Geer hed, you need to go for a ride along with someone who has a backblade and really see how productive they are. Down pressure is a good thing not a bad thing, remember you have four wheel not only two wheel drive. And when you get to the end of the driveway you lift the back blade up and with your front blade push the snow into a pile at the end of the driveway and drive away, I have even pushed the snow into a pile with my backblade going in reverse if there's not too much snow.


----------



## Antlerart06

geer hed;1601212 said:


> Well I've looked at these several years ago, and although they do seem like a neet idea, I don't see that they are as usefull as they seem.

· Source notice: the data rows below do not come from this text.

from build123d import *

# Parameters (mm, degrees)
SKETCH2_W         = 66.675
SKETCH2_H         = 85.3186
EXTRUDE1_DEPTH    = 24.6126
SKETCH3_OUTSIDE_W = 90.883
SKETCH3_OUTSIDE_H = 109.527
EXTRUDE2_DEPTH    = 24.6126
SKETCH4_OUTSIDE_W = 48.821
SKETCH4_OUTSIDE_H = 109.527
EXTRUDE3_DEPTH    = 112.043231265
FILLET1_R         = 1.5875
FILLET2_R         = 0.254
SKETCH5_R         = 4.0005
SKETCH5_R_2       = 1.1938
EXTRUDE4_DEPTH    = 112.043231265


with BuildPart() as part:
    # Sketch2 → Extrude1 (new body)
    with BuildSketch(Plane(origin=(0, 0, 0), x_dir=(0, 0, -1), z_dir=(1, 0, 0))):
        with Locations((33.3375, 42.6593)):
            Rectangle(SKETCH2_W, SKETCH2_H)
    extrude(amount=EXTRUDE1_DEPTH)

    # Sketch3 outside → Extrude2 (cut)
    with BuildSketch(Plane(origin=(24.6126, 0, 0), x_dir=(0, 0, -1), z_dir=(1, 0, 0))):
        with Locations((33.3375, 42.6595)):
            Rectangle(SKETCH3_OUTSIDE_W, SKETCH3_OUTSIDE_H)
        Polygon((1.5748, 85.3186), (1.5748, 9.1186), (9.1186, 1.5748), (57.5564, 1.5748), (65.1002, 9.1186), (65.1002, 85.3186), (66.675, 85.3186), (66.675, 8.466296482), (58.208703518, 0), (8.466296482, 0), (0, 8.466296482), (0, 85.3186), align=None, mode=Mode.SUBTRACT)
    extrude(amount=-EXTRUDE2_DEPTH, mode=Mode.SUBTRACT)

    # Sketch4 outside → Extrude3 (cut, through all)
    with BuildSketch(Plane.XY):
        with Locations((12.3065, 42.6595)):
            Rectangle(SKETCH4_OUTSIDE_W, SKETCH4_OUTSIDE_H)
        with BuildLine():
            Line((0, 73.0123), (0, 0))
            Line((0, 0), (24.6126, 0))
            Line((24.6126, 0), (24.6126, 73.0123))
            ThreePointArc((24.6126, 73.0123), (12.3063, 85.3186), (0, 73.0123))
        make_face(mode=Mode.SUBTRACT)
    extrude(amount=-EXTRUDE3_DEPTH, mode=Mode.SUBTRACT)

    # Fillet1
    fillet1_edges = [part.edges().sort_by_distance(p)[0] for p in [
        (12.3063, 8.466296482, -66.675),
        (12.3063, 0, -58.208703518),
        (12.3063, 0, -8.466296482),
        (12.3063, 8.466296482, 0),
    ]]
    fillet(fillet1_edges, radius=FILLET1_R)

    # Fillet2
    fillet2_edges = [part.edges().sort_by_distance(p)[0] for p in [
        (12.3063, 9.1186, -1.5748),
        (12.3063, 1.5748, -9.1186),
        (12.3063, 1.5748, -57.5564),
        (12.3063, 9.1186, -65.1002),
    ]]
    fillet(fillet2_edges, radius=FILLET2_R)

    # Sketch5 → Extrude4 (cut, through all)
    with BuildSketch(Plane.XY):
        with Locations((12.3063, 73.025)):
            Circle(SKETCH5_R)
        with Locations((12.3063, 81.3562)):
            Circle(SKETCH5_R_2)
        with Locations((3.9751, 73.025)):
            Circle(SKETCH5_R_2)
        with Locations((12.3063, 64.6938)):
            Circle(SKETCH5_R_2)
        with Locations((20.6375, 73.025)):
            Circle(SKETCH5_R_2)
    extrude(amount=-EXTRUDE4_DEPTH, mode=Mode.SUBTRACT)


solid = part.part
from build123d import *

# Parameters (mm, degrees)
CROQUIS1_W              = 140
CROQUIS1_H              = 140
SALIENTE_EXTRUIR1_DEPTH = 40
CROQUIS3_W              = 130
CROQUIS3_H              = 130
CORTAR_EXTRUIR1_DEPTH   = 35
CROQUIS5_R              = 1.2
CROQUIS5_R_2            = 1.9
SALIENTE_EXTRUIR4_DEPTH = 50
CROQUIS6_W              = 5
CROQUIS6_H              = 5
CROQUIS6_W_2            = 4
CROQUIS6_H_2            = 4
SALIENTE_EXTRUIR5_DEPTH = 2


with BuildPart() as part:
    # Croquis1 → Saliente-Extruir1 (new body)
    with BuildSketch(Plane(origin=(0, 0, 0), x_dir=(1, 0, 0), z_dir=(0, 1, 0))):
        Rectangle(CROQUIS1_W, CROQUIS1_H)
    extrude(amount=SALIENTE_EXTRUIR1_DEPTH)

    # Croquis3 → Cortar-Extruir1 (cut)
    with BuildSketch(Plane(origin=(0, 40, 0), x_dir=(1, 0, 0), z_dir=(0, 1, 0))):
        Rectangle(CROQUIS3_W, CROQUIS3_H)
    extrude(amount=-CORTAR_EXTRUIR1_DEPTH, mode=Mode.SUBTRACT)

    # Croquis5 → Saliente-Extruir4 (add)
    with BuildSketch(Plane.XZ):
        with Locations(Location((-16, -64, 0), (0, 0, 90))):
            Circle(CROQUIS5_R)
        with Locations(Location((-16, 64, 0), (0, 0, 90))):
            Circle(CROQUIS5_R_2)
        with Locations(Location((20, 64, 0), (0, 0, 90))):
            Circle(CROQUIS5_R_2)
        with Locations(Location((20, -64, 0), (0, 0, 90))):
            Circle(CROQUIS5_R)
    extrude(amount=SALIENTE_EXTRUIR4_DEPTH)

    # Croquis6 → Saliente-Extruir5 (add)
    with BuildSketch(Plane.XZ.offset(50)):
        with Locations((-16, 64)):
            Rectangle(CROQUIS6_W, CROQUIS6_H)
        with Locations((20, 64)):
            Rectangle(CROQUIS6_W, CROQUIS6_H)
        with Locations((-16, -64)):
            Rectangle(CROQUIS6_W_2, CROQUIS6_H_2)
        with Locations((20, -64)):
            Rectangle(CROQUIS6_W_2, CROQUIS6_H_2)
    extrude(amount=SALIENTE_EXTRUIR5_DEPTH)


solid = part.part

They only way it could be truely efective is if it were set up that you would push in reverse, but they are not set up that way. I have watched several video's on them, both from dealers and users, and they look like they would be more trouble than thier worth.
> On the manufacturers web site video's they say it will save you time by not having to turn around as many times to clean up the snow, however they show the truck dragging the snow out into the roadway, then lifting the plow. OK, now what. you still have to stop, turn around, back up, and then clean up the pile of snow you just pulled out into the road. Not to mention that they brag about the downpressure that the plow applies. Now lets see, when you apply down pressure it lifts weight off the wheels, and unless there is a way to defy physics, we all know what will happen without weight on your wheels.
> I'm not totaly against them, but I think a better application would be to turn the blade around, make it angle and use it in a parking lot, this way you can plow in both dirrections.
> Now calm down, I know someone is going to say I'm totaly nuts for that, and trust me I've seen guys who had enough trouble going forward let alone backwards, But you asked and I'm just giving my opinion.


Guys around here Use the rear plow at same time with the front in big lots double scape.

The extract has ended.